At the exact same time while Cash’s old record label was busy with (non-consensual) sodomizing of his musical legacy, Johnny himself was busy making a new record for his new record label that would end up being one of the most divisive albums of his career. Anywhere you go, you’ll find a bunch of zealous fans waving Ride This Train around as a masterpiece of integrating music with the art of story-telling and the genuine American spirit, and another bunch of skeptical fans dismissing the record as a well-meaning, ambitious misfire, in which both the music and the story-telling end up diminishing, if not downright canceling out, each other. As usual, the truth is somewhere in between, or, rather, just shares the bed with the first or the second group depending on who was the first to ask her out on a date this morning.

I myself happen to be a little torn when thinking about, or even when feeling Cash’s «serious artistry» on an instinctive level. On one hand, Johnny’s approach to «Americana» is an unquestionable step-up compared to its representation in pop culture of the first half of the 20th century. As a singer, a lyricist, an actor, he makes great strides in subtlety, sincerity, and unpredictability — building upon the old folk tradition, but adding new layers of personal introspection, taking great care to think in addition to observe. On the other hand, Johnny always took care that his work be thoroughly accessible to the simplest out of the simplest men out there — meticulously constructing his image as the «man of the people», in ways far more traditional and crude than, for instance, any of the subsequent mass-appeal rockers like Bruce Springsteen (or even John Mellencamp, for that matter). This means that it’s usually a 50-50 chance of his subverting, dominating, and sophisticating some traditionalist trope or cliché when he tackles it, or, on the contrary, of his slipping into corny pathos or tired old sentimentality that cannot be redeemed even with the power of his voice. And the line dividing creativity and good taste, on one side, and pretentious cheesiness, on the other, is so unbearably thin that even the most experienced and seasoned connoisseurs of all things Americana will probably end up on different sides of the main street, hands on their hips and ready to draw.

At least there’s no arguing that with Ride This Train, Cash tried to make something different: a conceptual album where each song begins with a lengthy spoken monolog, either telling us a story or giving us Johnny’s thoughts on the history and sociology of the United States of America (often both) as he imagines himself sitting at an open train window, gazing at all the famours — more usually, not so famous — landmarks passing him by. While spoken word passages as such were nothing new to the country-western genre, making them such an integral part of the experience was an original and bold move on Johnny’s part, as he was clearly trying to make the best of the artistic freedom granted to him by Columbia while that good luck still lasted. But is it an experiment that could really be evaluated as worthy of the risks taken?
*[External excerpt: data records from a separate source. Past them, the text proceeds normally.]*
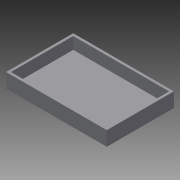
# Autodesk Inventor part: travel base
Saved by Autodesk Inventor 2015 (Build 190159000, 159)
## iProperties
Created: 2015-01-07
Part Number: travel base
Material: Generic
Document SubType Name: Modeling
Designer: harrykuperstein
Density: 1 g/cm^3
Appearance: Default
Author: harrykuperstein
Autodesk Inventor part; units mm, degrees
ref_plane "YZ Plane" through (0, 0, 0) normal (1, 0, 0) x (0, 1, 0)
ref_plane "XZ Plane" through (0, 0, 0) normal (0, 1, 0) x (-1, 0, 0)
ref_plane "XY Plane" through (0, 0, 0) normal (0, 0, 1) x (1, 0, 0)
sketch "Sketch1" plane through (0, 0, 0) normal (0, 1, 0) x (-1, 0, 0)
  line L0 (0, 0) -> (0, 711.2)
  line L1 (0, 711.2) -> (1066.8, 711.2)
  line L2 (0, 0) -> (1066.8, 0)
  line L3 (1066.8, 711.2) -> (1066.8, 0)
  dimension "d0" = 711.2
  dimension "d1" = 1066.8
  constraints: 8 end point, 2 horizontal, 1 perpendicular, 1 vertical
  measures "d0" distance of L0.start L0.end
  measures "d1" distance of L0.end L1.end
extrude "Extrusion1" add sketch "Sketch1" along normal blind 152.4
shell "Shell1" thickness 25.4 removed faces 1 at (-355.6, 152.4, 474.1333)
body "Solid1"
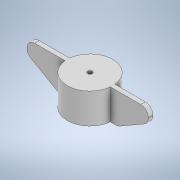
# Autodesk Inventor part: top_propeller
Saved by Autodesk Inventor 2021 (Build 250183000, 183)
## iProperties
Created: 2023-05-04
Part Number: top_propeller
Material: Generic
Document SubType Name: Modeling
Designer: assman
Density: 1 g/cm^3
Appearance: Default
Author: assman
Autodesk Inventor part; units mm, degrees
ref_plane "YZ Plane" through (0, 0, 0) normal (1, 0, 0) x (0, 1, 0)
ref_plane "XZ Plane" through (0, 0, 0) normal (0, 1, 0) x (-1, 0, 0)
ref_plane "XY Plane" through (0, 0, 0) normal (0, 0, 1) x (1, 0, 0)
sketch "Sketch1" plane through (0, 0, 0) normal (0, 1, 0) x (-1, 0, 0)
  line L0 (15, 0) -> (40, 0) construction
  line L1 (-15, 0) -> (-40, 0) construction
  line L2 (14.9248, -1.5) -> (39.9719, -1.5)
  line L3 (14.9248, 1.5) -> (39.9719, 1.5)
  line L4 (-14.9248, -1.5) -> (-39.9719, -1.5)
  line L5 (-14.9248, 1.5) -> (-39.9719, 1.5)
  arc A0 (-39.9719, 1.5) -> (-39.9719, -1.5) centre (0, 0) ccw
  arc A1 (39.9719, -1.5) -> (39.9719, 1.5) centre (0, 0) ccw
  arc A2 (14.9248, 1.5) -> (-14.9248, 1.5) centre (0, 0) ccw
  arc A3 (-14.9248, -1.5) -> (14.9248, -1.5) centre (0, 0) ccw
  dimension "d2" = 1.5
  dimension "d3" = 1.5
  dimension "d4" = 1.5
  dimension "d5" = 1.5
  constraints: 12 end point, 10 point on circle, 4 centre point, 4 parallel, 2 coincident, 2 point on line, 1 horizontal
  measures "d2" distance between parallel lines of L0 L2
  measures "d3" distance between parallel lines of L0 L3
  measures "d4" distance between parallel lines of L1 L4
  measures "d5" distance between parallel lines of L1 L5
extrude "Extrusion1" add sketch "Sketch1" along normal blind 20
fillet "Fillet1" radius 5 2 edges at (40, 20, 0) (-40, 20, 0)
chamfer "Chamfer1" distance 20 angle 30 1 edges at (-40, 0, 0) measured on face at (-39.5, 0, 0)
chamfer "Chamfer2" distance 20 angle 30 1 edges at (40, 0, 0) measured on face at (39.5, 0, 0)
fillet "Fillet2" radius 5 2 edges at (40, 11.547, 0) (-40, 11.547, 0)
fillet "Fillet3" radius 5 2 edges at (20, 0, 0) (-20, 0, 0)
sketch "Sketch3" plane through (0, 20, 0) normal (0, 1, 0) x (1, 0, 0)
  arc A0 (-34.9678, 1.5) -> (-34.9678, -1.5) centre (0, 0) ccw construction
  line L0 (-34.9678, -1.5) -> (-14.9248, -1.5) construction
  arc A1 (-14.9248, -1.5) -> (14.9248, -1.5) centre (0, 0) ccw construction
  line L1 (14.9248, -1.5) -> (34.9678, -1.5) construction
  arc A2 (34.9678, -1.5) -> (34.9678, 1.5) centre (0, 0) ccw construction
  line L2 (34.9678, 1.5) -> (14.9248, 1.5) construction
  arc A3 (14.9248, 1.5) -> (-14.9248, 1.5) centre (0, 0) ccw construction
  line L3 (-14.9248, 1.5) -> (-34.9678, 1.5) construction
  circle A4 centre (0, 0) radius 1.5
  dimension "d36" = 3
  constraints: 1 centre point, 1 coincident
  measures "d36" diameter of A4
extrude "Extrusion2" cut sketch "Sketch3" against normal through all
equation "\"d2\" = 0.5 * blade_width"
equation "\"d3\" = 0.5 * blade_width"
equation "\"d4\" = 0.5 * blade_width"
equation "\"d5\" = 0.5 * blade_width"
equation "\"blade_width\" = 3"
equation "\"d21\" = 0"
equation "\"d22\" = 5"
equation "\"d23\" = 3"
equation "\"d24\" = 5"
equation "\"d25\" = 0"
equation "\"d8\" = 0.5 * blade_width"
equation "\"d9\" = 0.5 * blade_width"
equation "\"d10\" = 0.5 * blade_width"
equation "\"d11\" = 0.5 * blade_width"
equation "\"d12\" = 0.5 * blade_width"
equation "\"d13\" = 0.5 * blade_width"
equation "\"d14\" = 0.5 * blade_width"
equation "\"d15\" = 0.5 * blade_width"
equation "\"d16\" = 0.5 * blade_width"
equation "\"d17\" = 0.5 * blade_width"
equation "\"d18\" = 0.5 * blade_width"
equation "\"d19\" = 0.5 * blade_width"
body "Solid1"
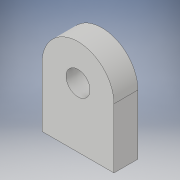
# Autodesk Inventor part: SUJECION_BALSA_UNDIMOTRIZ
Saved by Autodesk Inventor 2019.4 (Build 234330000, 330)
## iProperties
Created: 2020-08-20
Part Number: SUJECION_BALSA_UNDIMOTRIZ
Material: Generic
Document SubType Name: Modeling
Designer: crist
Density: 1 g/cm^3
Appearance: Default
Author: crist
Autodesk Inventor part; units mm, degrees
ref_plane "YZ Plane" through (0, 0, 0) normal (1, 0, 0) x (0, 1, 0)
ref_plane "XZ Plane" through (0, 0, 0) normal (0, 1, 0) x (-1, 0, 0)
ref_plane "XY Plane" through (0, 0, 0) normal (0, 0, 1) x (1, 0, 0)
sketch "Boceto1" plane through (0, 0, 0) normal (0, 0, 1) x (1, 0, 0)
  circle A0 centre (0, 0) radius 50
  circle A1 centre (0, 0) radius 150
  line L0 (150, -250) -> (150, 0)
  line L1 (150, -250) -> (-150, -250)
  line L2 (-150, -250) -> (-150, 0)
  dimension "d0" = 100
  dimension "d1" = 300
  dimension "d4" = 300
  constraints: 6 end point, 2 centre point, 2 coincident, 2 point on circle, 2 tangent, 1 horizontal
  measures "d0" diameter of A0
  measures "d1" diameter of A1
  measures "d4" distance of L0.start L1.end
extrude "Extrusión1" add sketch "Boceto1" along normal blind 100
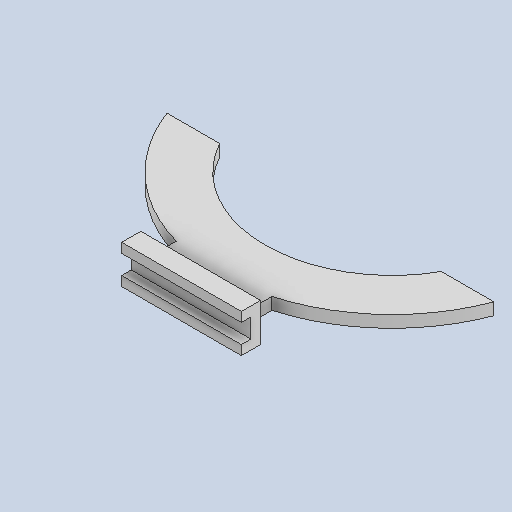
# Autodesk Inventor part: BigHolder
Saved by Autodesk Inventor 2025 (Build 290162000, 162)
## iProperties
Created: 2025-08-07
Part Number: BigHolder
Material: Generic
Document SubType Name: Modeling
Designer: Pravoslav
Density: 1 g/cm^3
Appearance: Default
Author: Pravoslav
Autodesk Inventor part; units mm, degrees
ref_plane "YZ Plane" through (0, 0, 0) normal (1, 0, 0) x (0, 1, 0)
ref_plane "XZ Plane" through (0, 0, 0) normal (0, 1, 0) x (-1, 0, 0)
ref_plane "XY Plane" through (0, 0, 0) normal (0, 0, 1) x (1, 0, 0)
sketch "Sketch1" plane through (0, 0, 0) normal (0, 1, 0) x (-1, 0, 0)
  circle A0 centre (0, 0) radius 26.5
  circle A1 centre (0, 0) radius 36.5
  line L0 (10, 40) -> (-10, 40)
  line L1 (-10, 40) -> (-10, 33)
  line L2 (-10, 33) -> (10, 33)
  line L3 (10, 33) -> (10, 40)
  line L4 (10, 40) -> (-10, 33) construction
  line L5 (-10, 40) -> (10, 33) construction
  line L6 (34.1488, 12.8883) -> (-34.1488, 12.8883)
  point P0 (0, 36.5)
  point P1 (-10, 35.1034)
  point P2 (-23.1547, 12.8883)
  point P3 (23.1547, 12.8883)
  point P4 (10, 35.1034)
  dimension "d0" = 53
  dimension "d1" = 10
  dimension "d2" = 20
  dimension "d3" = 7
  constraints: 14 end point, 3 point on circle, 2 centre point, 2 coincident, 2 horizontal, 2 midpoint, 2 parallel, 1 perpendicular
  measures "d0" diameter of A0
  measures "d1" radial gap between concentric circles of A1 A0
  measures "d2" distance of L2.end L1.end
  measures "d3" distance of L1.end L0.end
extrude "Extrusion1" add sketch "Sketch1" along normal blind 2.5 contours A0 L6 A1 L1 L2 L3 | L3 L2 L1 A1 | A1 L1 L0 L3
sketch "Sketch3" plane through (-10, 0, 40) normal (0, 0, 1) x (1, 0, 0)
  line L0 (-2.5, 5.5) -> (22.5, 5.5)
  line L1 (22.5, 5.5) -> (22.5, -2.5)
  line L2 (22.5, -2.5) -> (-2.5, -2.5)
  line L3 (-2.5, -2.5) -> (-2.5, 5.5)
  line L4 (0, 2.5) -> (20, 2.5) projected
  line L5 (0, 0) -> (0, 2.5) projected
  point P0 (10, 0)
  dimension "d6" = 25
  dimension "d7" = 8
  dimension "d8" = 3
  dimension "d9" = 2.5
  constraints: 8 end point, 2 parallel, 1 horizontal, 1 perpendicular
  measures "d6" distance of L1.end L2.end
  measures "d7" distance of L0.end L1.end
  measures "d8" distance between parallel lines of L4 L0
  measures "d9" distance between parallel lines of L3 L5
extrude "Extrusion2" add sketch "Sketch3" along normal blind 2
sketch "Sketch4" plane through (-10, 0, 42) normal (0, 0, 1) x (1, 0, 0)
  line L0 (-2.5, 5.5) -> (-2.5, -2.5) projected
  line L1 (22.5, -2.5) -> (22.5, 5.5) projected
  line L2 (-2.5, 5.5) -> (22.5, 5.5)
  line L3 (22.5, 5.5) -> (22.5, 3.5)
  line L4 (22.5, 3.5) -> (-2.5, 3.5)
  line L5 (-2.5, 3.5) -> (-2.5, 5.5)
  line L6 (-2.5, -2.5) -> (22.5, -2.5) projected
  line L7 (-2.5, -2.5) -> (22.5, -2.5)
  line L8 (22.5, -2.5) -> (22.5, -0.5)
  line L9 (22.5, -0.5) -> (-2.5, -0.5)
  line L10 (-2.5, -0.5) -> (-2.5, -2.5)
  point P0 (10, 0)
  point P1 (-2.5, -0.5)
  dimension "d12" = 2
  dimension "d13" = 2
  constraints: 16 end point, 4 parallel, 2 horizontal, 2 perpendicular, 2 point on line
  measures "d12" distance of L2.end L3.end
  measures "d13" distance of L8.end L7.end
extrude "Extrusion3" add sketch "Sketch4" along normal blind 2 contours L2 L1 L4 L0 | L9 L1 L6 L0
body "Solid1"

Well, technically I would argue that it’s a failure almost by definition. Music is music, and story-telling (when it is not done in a musical form) is story-telling; the two things generally belong in different dimensions, which is precisely why I’ve never been a big fan of the VH1 Storytellers series, for instance. For one thing, the concept obviously impacts the album’s factor of replayability: you might want to endure Johnny’s stories the first time around, but next time you will be more likely to want to skip them and get straight to the songs, and there’s even no way to do that easily, since stories and songs are woven together without formal track separation. And given that the songs as such are not usually counted among Johnny’s best (at least, they certainly do not display a lot of «hit potential»), and that there’s only eight of them, not counting the bonus tracks on CD editions, this makes it quite tempting to forget about the album altogether.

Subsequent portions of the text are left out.